New York City; November 1, 1961


  1. Hammer Chatter (4:31) (Meade Lux Lewis)

  2. You Were Meant for Me (2:35) (Brown-Freed)

  3. Celeste Bounce (3:10) (Meade Lux Lewis)

  4. Bear Trap Stomp (4:26) (Meade Luc Lewis)

  5. Frompy Stomp (6:54) (Meade Lux Lewis)


  1. Rough Seas (5:21) (Meade Lux Lewis)

  2. Madame Vod’s Celeste Blues (5:22) (Meade Lux Lewis)

  3. C-Jam Blues (4:12) (Duke Ellington)

  4. Fate (3:42) (unknown)

  5. Breezing at the Celeste (3:18) (Meade Lux Lewis)

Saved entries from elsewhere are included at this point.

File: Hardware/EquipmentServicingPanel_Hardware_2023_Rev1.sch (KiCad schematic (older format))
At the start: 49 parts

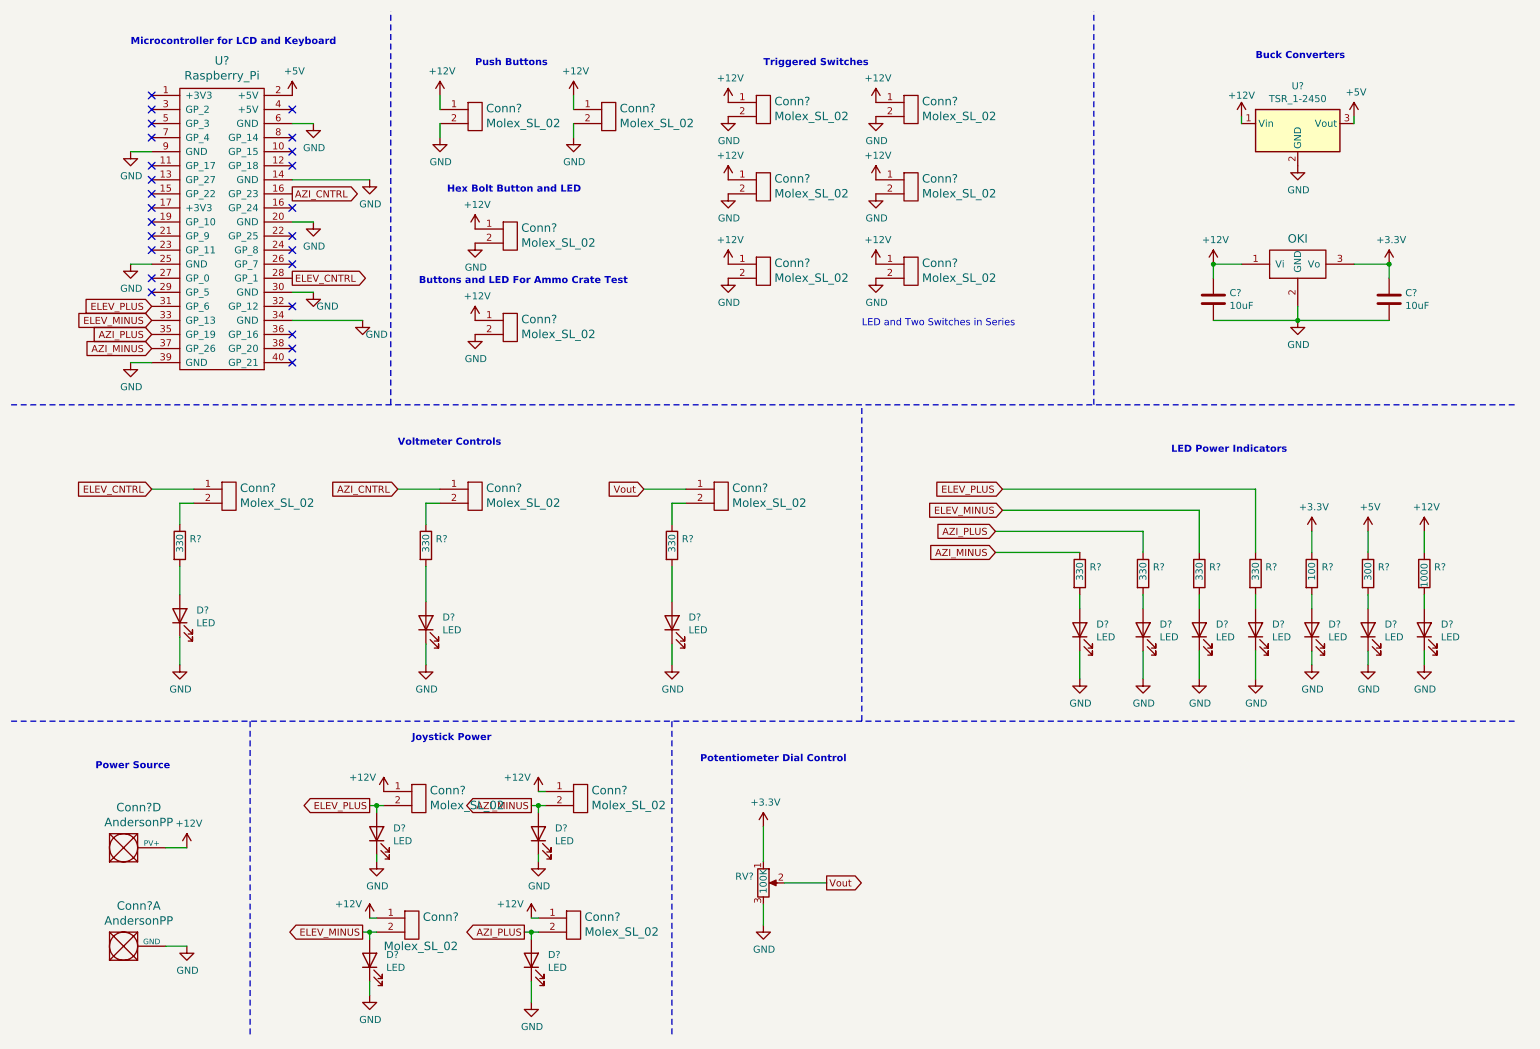
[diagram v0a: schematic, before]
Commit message: Added Vias and removed extra voltmeter
Added vias and removed one of the three voltmeters that used a potentiometer to test the wrist
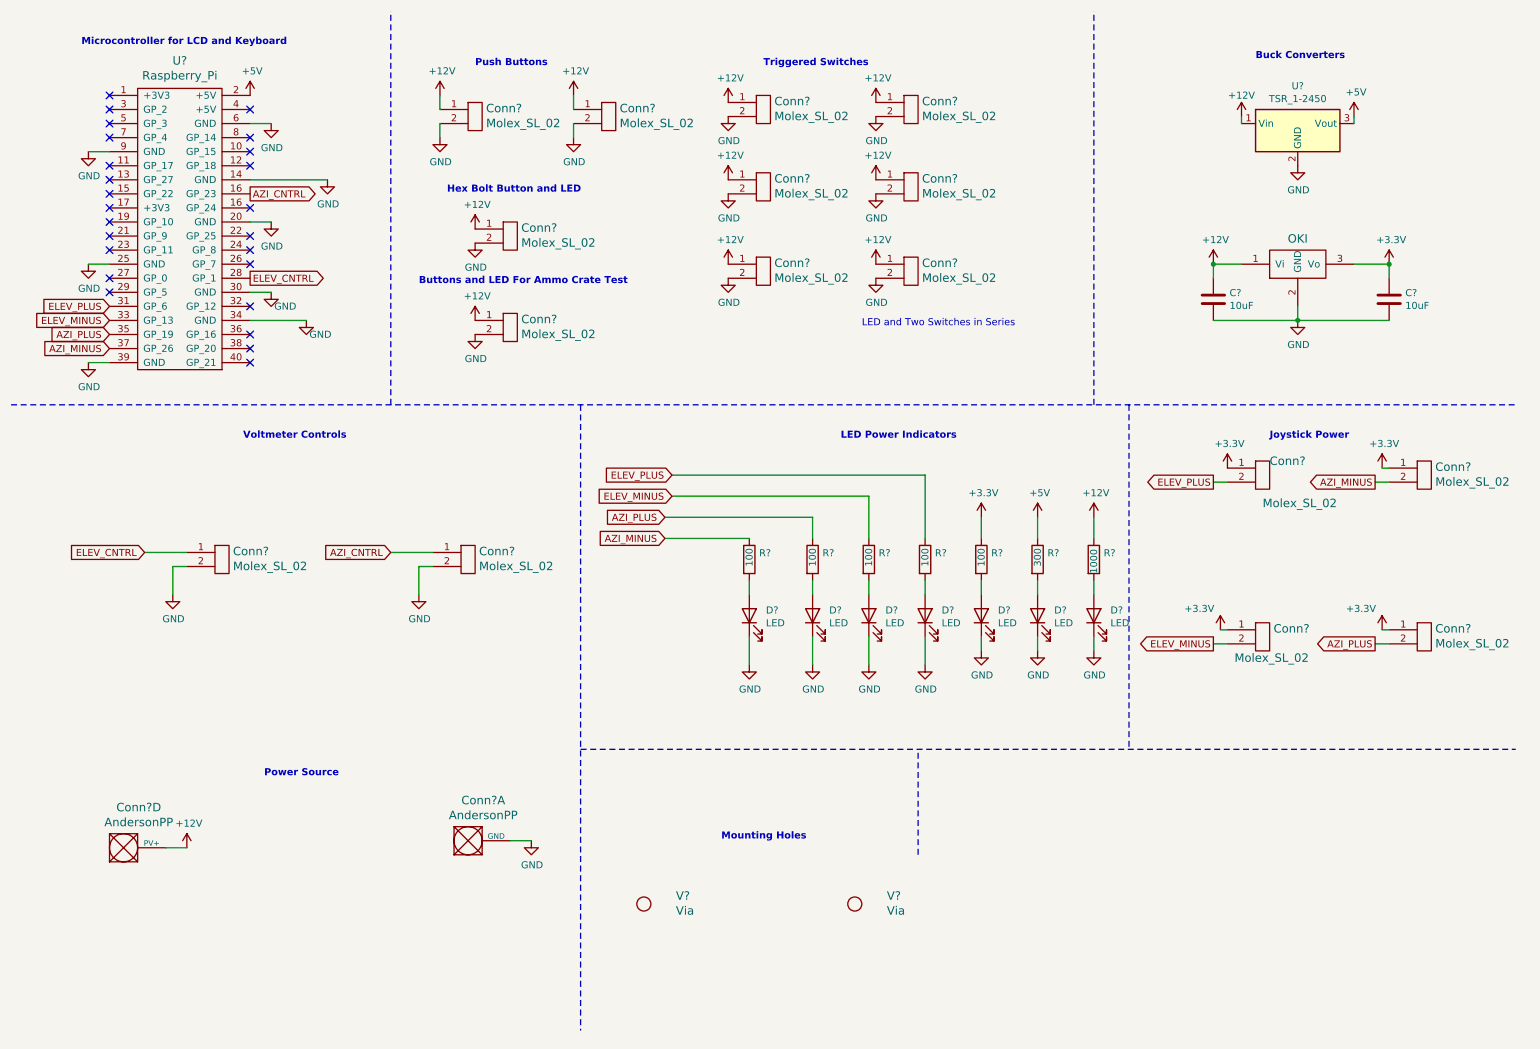
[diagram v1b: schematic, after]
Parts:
- removed Conn?: Molex_SL_02, symbol MRDT_Connectors:Molex_SL_02
- removed D? (x7): LED, symbol Device:LED
- removed R? (x3): 330, symbol Device:R
- removed RV?: 100K, symbol Device:R_POT
- added V? (x2): Via, symbol MRDT_Drill_Holes:Via
- R? (x4): value 330 -> 100
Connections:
- net +12V: no longer Conn?.1, Conn?.1, Conn?.1, Conn?.1
- net +3V3: now also Conn?.1, Conn?.1, Conn?.1, Conn?.1
- net GND: now also Conn?.2, Conn?.2
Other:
- note added: "Mounting Holes"
- note removed: "Potentiometer Dial Control"
- moved on the sheet: Conn?, Conn?A, D?, R?, U?

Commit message: changes were made to fix pin 16 issues
different ports were used on the raspberry pi so no connects could be placed on the duplicated pin 16
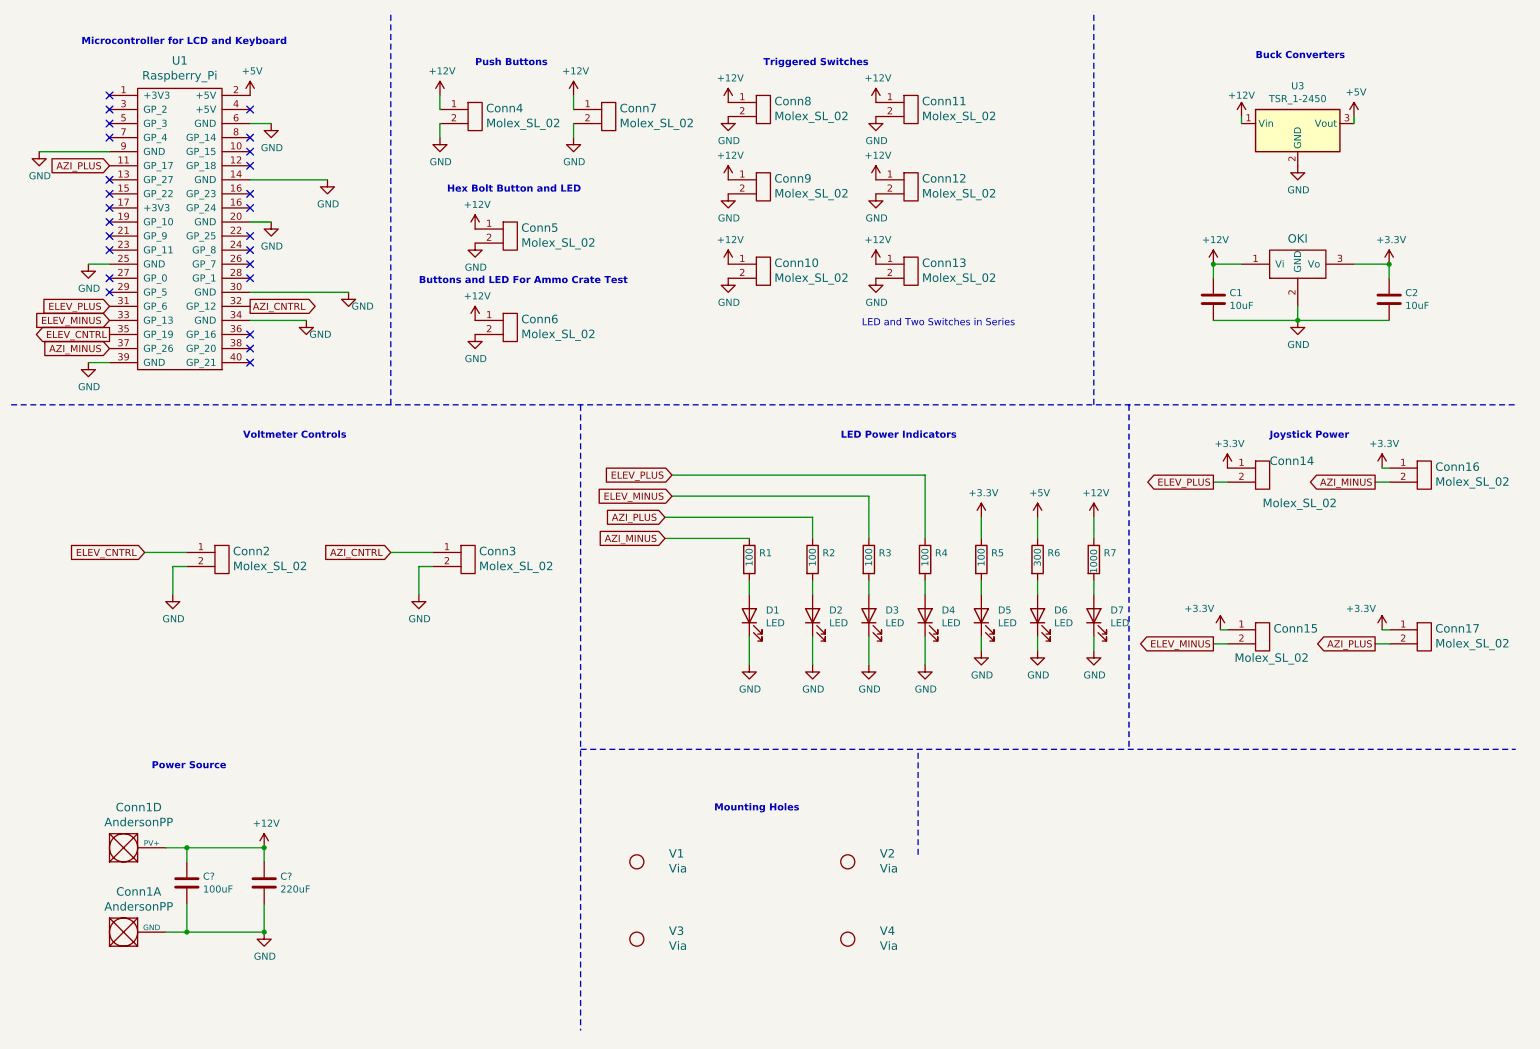
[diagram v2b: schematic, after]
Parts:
- removed U?: Raspberry_Pi, symbol MRDT_Shields:Raspberry_Pi
- added C?: 100uF, symbol Device:C
- added C?: 220uF, symbol Device:C
- added U1: Raspberry_Pi, symbol MRDT_Shields:Raspberry_Pi
- added V3, V4: Via, symbol MRDT_Drill_Holes:Via
- gave numbers to parts that had none: 37
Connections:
- net +12V: now also C?.1, C?.1
- net +5V: now also U1.2 (+5V)
- net AZI_CNTRL: now also U1.32 (GP_12)
- net AZI_MINUS: now also U1.37 (GP_26)
- net AZI_PLUS: now also U1.11 (GP_17)
- net ELEV_CNTRL: now also U1.35 (GP_19)
- net ELEV_MINUS: now also U1.33 (GP_13)
- net ELEV_PLUS: now also U1.31 (GP_6)
- net GND: now also C?.2, C?.2, U1.14 (GND), U1.20 (GND), U1.25 (GND), U1.30 (GND), U1.34 (GND), U1.39 (GND), U1.6 (GND), U1.9 (GND)
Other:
- moved on the sheet: Conn1A, V1, V2

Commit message: Created Layout
Created Layout for PCB design of Equipment Servicing Panel
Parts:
- C1, C2: footprint (none) -> Capacitor_SMD:C_0201_0603Metric_Pad0.64x0.40mm_HandSolder
- C3, C4: renamed from C?; footprint (none) -> Capacitor_THT:CP_Radial_D6.3mm_P2.50mm
- Conn1: footprint (none) -> MRDT_Connectors:Square_Anderson_2_H_Stacked
- Conn10, Conn11, Conn12, Conn13, Conn14, Conn15, Conn16, Conn17, Conn2, Conn3, Conn4, Conn5, Conn6, Conn7, Conn8, Conn9: footprint (none) -> MRDT_Connectors:MOLEX_SL_02_Horizontal
- D1, D2, D3, D4, D5, D6, D7: footprint (none) -> LED_SMD:LED_0201_0603Metric_Pad0.64x0.40mm_HandSolder
- R1, R2, R3, R4, R5, R6, R7: footprint (none) -> Resistor_SMD:R_0603_1608Metric_Pad0.98x0.95mm_HandSolder
- U1: footprint (none) -> MRDT_Shields:RASPBERRY_PI_HEADERS
- U2: footprint (none) -> MRDT_Devices:OKI_Horizontal
- U3: footprint Converter_DCDC:Converter_DCDC_TRACO_TSR-1_THT -> MRDT_Devices:TSR_1-2433
- V1, V2, V3, V4: footprint (none) -> MRDT_Drill_Holes:4_40_Hole_Corner

   We had just entered the studio to make this album when MEADE LUX LEWIS asked to use the telephone. During his ensuing conversation with a friend, I overheard the veteran piano man make an appointment for three hours later. When its was pointed out to him that a normal amount of time for recording a full LP is apt to be twice that many hours or more, Meade calmly insisted: “Don’t worry, we’ll make it.”

   We sis, and it only took a little more than two hours to set down the ten selections – three standards and seven originals – included here. It was not that any one was in a hurry, least of all the easygoing pianist. And I have no doubt he would have hanged the hour of that appointment if his rather startling time estimate had been wrong. But the fact is that virtually every number was done, to the full satisfaction of all concerned, on the very first ‘take’ – possibly because musicians who first recorded back in the long-before-tape days of wax masters learned not to be wasteful in such matters; possibly because Lewis is a man who always seems in command of what he is doing. (Actually, Meade spent more time – and had more trouble – in coming up with names for his new pieces than in playing them.)

   Probably the most famous of “boogie woogie” pianists, and a true master of the blues, Meade Anderson Lewis was born in Louisville, Kentucky, in 1905. His father was a guitarist, and Meade retains childhood memories of playing the violin, accompanied by his father, in saloons around too. Then the family moved to Chicago, where – after hearing Jimmy Yancey for the first time – Meade decided to switch to piano. “We were five kids,” he notes, “and never could afford a piano in the house. I had to practice wherever I could. I would play piano rolls and then stop the machine so I could study the keys, and that’s how I learned the chords. Later I would experiment and change the chords to suit me.”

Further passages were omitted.